Closed montenegrina closed 1 year ago

montenegrina commented 5 years ago

Hello,

I have p values like this:

 library(qvalue)
 pvals<-c(6.919239e-02,1.073784e-01,1.218613e-01,1.586202e-01,
 1.370340e-01,3.452574e-02,2.545619e-01,1.676715e-02,8.571197e-01,
 8.649025e-01,1.777414e-02,6.801867e-01,6.873085e-01,
 1.276566e-01,5.907002e-02,2.343207e-02,2.078125e-02,6.404511e-02,
 3.306593e-02,9.411259e-04,1.038989e-03,4.734674e-05,
 3.422489e-05,5.606264e-05,6.322817e-02,1.291268e-02,3.452596e-03,
 1.770753e-01,3.285821e-01,2.292055e-02,5.503168e-02,
 6.940048e-01,3.638889e-03,6.799640e-01,1.301045e-02,6.794010e-01,
 2.339327e-02,1.038529e-01,3.137687e-04,2.148050e-02,
 1.783068e-01,1.764518e-01,6.386686e-03,1.670062e-02,3.220291e-01,
 5.568613e-01,8.886102e-01,5.031040e-01,3.760079e-01,
 6.638034e-02,9.419648e-03,5.885266e-03,1.539809e-02,5.296551e-03,
 2.425230e-02,5.023091e-01,4.547284e-03,1.850796e-01,
 9.389289e-02,6.544873e-03,3.031956e-03,7.772671e-03,9.073974e-03,
 9.118352e-02,4.075408e-04,6.902206e-01,6.929767e-02,
 1.897121e-02,6.693074e-02,1.111308e-02,1.286147e-02,4.515834e-02,
 8.886941e-01,8.891051e-01,3.792846e-01,5.368898e-01,
 2.323894e-01,3.220141e-01,7.320883e-02,9.642521e-03,6.024415e-01,
 2.459322e-02,2.873351e-01,8.477168e-01,1.351068e-02,
 1.053550e-01,4.812686e-01,1.404957e-01,9.835912e-02,4.373995e-01,
 8.803856e-02)

when I do:

qval_obj=qvalue(pvals)
Error in smooth.spline(lambda, pi0, df = smooth.df) : 
  missing or infinite values in inputs are not allowed

I installed qvalue via:

if (!requireNamespace("BiocManager", quietly = TRUE))
    install.packages("BiocManager")

BiocManager::install("qvalue")

I use r-3.6.1

Please assist, Ana

ajbass commented 5 years ago

There are not enough p-values to estimate the proportion of truly null tests. You should fix pi0=1 in the qvalue function:

qout <- qvalue(pvals, pi0 = 1)
montenegrina commented 5 years ago

there is 91 p values

How many p values is enough?

Also with

qval_obj=qvalue(pvals, pi0=1) pi1=1-qval_obj$pi0 pi1 [1] 0

I am getting TPR 0 which can not be

On Mon, Oct 28, 2019 at 7:14 PM Andrew Bass notifications@github.com wrote:

There are not enough p-values to estimate the proportion of truly null tests. You should fix pi0=1 in the qvalue function:

qout <- qvalue(pvals, pi0 = 1)

— You are receiving this because you authored the thread. Reply to this email directly, view it on GitHub https://github.com/StoreyLab/qvalue/issues/19?email_source=notifications&email_token=ACF3RTERGESRYJZNYROGD7LQQ5577A5CNFSM4JGBRBU2YY3PNVWWK3TUL52HS4DFVREXG43VMVBW63LNMVXHJKTDN5WW2ZLOORPWSZGOECOZ6PQ#issuecomment-547200830, or unsubscribe https://github.com/notifications/unsubscribe-auth/ACF3RTCBIZRC67EJSRQU2ADQQ5577ANCNFSM4JGBRBUQ .
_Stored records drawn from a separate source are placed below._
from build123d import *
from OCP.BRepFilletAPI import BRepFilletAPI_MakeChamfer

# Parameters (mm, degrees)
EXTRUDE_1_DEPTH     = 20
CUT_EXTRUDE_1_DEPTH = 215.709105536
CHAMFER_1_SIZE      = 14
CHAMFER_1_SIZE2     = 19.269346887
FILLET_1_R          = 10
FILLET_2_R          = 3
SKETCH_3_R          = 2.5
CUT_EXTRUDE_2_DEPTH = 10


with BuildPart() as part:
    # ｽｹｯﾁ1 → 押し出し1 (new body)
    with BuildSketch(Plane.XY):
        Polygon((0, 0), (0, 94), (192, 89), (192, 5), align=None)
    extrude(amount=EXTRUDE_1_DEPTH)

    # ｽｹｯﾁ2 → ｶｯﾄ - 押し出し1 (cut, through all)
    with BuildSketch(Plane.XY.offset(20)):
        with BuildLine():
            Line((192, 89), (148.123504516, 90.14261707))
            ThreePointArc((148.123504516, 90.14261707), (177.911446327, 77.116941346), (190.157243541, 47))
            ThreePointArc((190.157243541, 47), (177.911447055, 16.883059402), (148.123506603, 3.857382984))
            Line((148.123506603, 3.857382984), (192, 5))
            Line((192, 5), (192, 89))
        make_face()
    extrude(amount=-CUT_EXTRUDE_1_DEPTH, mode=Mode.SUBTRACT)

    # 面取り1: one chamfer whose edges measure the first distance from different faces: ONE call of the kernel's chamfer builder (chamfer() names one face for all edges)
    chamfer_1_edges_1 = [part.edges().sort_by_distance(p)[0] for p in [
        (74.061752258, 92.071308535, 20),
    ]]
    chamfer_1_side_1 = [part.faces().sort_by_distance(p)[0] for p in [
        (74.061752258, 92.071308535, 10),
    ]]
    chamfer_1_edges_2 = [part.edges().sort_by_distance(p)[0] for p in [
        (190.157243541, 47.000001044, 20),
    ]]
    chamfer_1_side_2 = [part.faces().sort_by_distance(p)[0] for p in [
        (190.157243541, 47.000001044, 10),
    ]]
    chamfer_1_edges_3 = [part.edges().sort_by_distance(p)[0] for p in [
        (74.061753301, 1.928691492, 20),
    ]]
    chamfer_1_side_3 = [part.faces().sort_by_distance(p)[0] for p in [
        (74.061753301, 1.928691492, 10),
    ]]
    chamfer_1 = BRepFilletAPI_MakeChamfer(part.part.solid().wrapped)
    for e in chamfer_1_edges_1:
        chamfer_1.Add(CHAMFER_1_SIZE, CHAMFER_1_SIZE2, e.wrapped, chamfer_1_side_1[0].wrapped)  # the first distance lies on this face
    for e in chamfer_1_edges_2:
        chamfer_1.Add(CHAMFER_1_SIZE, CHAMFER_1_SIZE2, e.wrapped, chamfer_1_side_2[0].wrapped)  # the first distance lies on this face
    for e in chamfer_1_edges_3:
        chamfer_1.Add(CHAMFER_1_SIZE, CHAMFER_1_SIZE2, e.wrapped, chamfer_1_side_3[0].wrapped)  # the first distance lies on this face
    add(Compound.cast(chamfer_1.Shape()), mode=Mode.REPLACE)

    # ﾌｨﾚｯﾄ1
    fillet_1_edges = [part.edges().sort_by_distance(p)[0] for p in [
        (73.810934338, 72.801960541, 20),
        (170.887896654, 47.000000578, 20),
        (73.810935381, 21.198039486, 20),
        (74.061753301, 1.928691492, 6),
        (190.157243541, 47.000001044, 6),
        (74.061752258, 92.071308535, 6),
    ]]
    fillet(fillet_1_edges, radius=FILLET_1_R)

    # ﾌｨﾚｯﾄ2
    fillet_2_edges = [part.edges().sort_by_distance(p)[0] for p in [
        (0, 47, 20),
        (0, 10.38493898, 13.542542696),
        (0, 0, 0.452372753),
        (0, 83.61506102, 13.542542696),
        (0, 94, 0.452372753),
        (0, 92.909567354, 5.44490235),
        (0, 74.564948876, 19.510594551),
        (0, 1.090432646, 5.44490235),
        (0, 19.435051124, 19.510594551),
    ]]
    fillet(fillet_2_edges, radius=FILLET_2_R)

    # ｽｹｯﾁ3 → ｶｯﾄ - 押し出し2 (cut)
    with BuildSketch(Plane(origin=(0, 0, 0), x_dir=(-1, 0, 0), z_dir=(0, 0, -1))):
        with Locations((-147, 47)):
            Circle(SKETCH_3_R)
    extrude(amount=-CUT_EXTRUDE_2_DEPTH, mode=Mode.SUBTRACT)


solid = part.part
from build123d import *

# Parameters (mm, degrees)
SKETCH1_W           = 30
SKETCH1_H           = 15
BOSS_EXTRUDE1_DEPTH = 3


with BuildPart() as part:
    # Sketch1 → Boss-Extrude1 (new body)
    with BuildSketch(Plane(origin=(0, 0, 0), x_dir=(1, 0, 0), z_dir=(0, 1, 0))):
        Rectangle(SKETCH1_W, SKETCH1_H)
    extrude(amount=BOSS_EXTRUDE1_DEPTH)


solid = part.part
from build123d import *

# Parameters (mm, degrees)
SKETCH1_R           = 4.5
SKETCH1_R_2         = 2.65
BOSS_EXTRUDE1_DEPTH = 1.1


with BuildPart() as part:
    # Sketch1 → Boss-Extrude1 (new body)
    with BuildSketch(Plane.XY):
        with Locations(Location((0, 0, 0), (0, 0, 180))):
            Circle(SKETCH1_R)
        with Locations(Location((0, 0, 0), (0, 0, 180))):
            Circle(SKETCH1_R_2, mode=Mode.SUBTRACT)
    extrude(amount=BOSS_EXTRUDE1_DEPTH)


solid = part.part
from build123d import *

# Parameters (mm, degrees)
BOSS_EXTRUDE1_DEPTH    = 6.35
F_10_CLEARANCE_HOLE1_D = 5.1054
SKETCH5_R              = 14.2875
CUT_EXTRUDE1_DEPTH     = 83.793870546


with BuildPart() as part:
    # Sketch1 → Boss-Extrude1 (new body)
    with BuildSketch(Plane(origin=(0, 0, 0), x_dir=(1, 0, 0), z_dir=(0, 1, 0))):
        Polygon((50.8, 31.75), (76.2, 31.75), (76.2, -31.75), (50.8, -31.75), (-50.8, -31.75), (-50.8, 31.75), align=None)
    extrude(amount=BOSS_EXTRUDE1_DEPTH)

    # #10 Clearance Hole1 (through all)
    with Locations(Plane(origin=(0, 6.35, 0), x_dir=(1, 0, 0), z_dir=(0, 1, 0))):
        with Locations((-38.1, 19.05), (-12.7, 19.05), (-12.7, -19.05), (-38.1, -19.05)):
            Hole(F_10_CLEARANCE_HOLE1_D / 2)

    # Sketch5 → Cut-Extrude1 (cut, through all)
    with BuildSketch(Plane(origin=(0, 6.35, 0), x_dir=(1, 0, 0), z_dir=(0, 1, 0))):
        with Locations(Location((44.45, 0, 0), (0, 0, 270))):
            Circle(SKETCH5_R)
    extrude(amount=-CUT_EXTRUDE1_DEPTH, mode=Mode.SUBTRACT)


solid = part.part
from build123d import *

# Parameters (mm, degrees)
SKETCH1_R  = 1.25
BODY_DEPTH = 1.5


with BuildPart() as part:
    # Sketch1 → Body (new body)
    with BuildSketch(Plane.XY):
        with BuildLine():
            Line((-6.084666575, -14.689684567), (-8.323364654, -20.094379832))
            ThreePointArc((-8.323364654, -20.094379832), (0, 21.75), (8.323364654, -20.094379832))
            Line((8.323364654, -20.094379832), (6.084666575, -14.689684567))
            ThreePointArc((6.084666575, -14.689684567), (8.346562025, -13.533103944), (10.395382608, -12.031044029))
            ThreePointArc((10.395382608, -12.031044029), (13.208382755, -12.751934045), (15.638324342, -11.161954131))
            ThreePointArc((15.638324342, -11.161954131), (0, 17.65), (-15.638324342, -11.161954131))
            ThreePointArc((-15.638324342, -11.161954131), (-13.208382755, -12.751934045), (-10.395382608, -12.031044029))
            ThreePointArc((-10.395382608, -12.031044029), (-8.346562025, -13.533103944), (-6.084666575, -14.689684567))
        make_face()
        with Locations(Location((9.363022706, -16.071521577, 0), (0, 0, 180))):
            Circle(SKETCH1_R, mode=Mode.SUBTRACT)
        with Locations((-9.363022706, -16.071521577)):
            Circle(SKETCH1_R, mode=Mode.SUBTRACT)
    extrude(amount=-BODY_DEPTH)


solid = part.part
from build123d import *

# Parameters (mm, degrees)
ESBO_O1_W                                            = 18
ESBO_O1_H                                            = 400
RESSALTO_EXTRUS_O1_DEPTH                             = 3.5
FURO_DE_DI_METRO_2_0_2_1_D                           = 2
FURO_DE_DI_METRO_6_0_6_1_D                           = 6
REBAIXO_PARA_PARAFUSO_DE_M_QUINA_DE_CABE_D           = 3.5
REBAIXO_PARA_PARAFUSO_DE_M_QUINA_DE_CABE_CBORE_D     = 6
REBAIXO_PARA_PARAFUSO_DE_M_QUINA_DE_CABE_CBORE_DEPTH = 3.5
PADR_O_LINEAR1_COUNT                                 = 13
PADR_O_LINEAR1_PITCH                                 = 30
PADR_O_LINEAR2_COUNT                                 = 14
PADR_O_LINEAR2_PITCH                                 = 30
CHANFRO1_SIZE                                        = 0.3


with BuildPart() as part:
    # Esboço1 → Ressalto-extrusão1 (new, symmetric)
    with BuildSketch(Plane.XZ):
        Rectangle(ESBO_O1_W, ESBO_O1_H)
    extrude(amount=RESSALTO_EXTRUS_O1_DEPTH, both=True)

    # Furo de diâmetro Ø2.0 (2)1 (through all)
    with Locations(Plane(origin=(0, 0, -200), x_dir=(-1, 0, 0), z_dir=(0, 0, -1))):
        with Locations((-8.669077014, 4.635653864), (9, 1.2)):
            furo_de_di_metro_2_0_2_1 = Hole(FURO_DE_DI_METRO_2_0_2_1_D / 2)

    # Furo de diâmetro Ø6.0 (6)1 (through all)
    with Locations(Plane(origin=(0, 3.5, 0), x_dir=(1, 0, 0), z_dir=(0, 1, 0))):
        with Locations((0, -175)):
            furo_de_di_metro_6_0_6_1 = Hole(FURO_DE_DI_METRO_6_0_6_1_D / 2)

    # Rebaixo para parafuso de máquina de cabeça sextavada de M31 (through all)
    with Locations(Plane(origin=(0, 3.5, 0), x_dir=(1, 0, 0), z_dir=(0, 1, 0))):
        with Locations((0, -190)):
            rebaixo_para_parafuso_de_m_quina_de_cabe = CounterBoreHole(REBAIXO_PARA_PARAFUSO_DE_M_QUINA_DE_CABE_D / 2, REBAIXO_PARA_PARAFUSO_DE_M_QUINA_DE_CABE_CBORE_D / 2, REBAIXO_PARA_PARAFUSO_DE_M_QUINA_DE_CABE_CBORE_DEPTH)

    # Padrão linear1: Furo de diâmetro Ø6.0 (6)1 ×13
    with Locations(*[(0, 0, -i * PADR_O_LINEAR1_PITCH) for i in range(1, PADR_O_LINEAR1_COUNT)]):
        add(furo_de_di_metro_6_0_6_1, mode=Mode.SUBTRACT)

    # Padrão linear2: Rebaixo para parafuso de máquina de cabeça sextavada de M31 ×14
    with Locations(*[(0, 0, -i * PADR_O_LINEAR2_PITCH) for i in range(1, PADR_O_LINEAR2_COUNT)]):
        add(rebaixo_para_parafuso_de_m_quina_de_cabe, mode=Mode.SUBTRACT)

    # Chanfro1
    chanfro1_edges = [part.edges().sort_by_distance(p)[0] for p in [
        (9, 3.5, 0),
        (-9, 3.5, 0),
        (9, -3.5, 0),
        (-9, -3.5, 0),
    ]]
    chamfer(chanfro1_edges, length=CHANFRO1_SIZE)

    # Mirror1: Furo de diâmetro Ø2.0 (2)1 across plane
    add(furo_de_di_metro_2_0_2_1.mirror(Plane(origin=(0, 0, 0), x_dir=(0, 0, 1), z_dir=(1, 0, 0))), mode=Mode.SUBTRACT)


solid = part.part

montenegrina commented 5 years ago

Hi,

I was wondering if there is something I am doing wrong when trying to calculate True positive rate, TPR with your function this is what I am doing:

head(qq) chr pos gene_id pval_nominal pval_ret META 1: chr1 54490 ENSG00000227232 0.608495 0.783778 0.7733204 2: chr1 58814 ENSG00000227232 0.295211 0.897582 0.6970567 3: chr1 60351 ENSG00000227232 0.439788 0.867959 0.7525581 4: chr1 61920 ENSG00000227232 0.319528 0.601809 0.4407018 5: chr1 63671 ENSG00000227232 0.237739 0.988039 0.8626555 6: chr1 64931 ENSG00000227232 0.276679 0.907037 0.6971364

library(qvalue) pvals=qq$META qval_obj=qvalue(pvals) #is false discovery rate pi1=1-qval_obj$pi0 #TPR

pi1 [1] 0.08827036

It is very unlikely that TPR would be this small, can you please advise?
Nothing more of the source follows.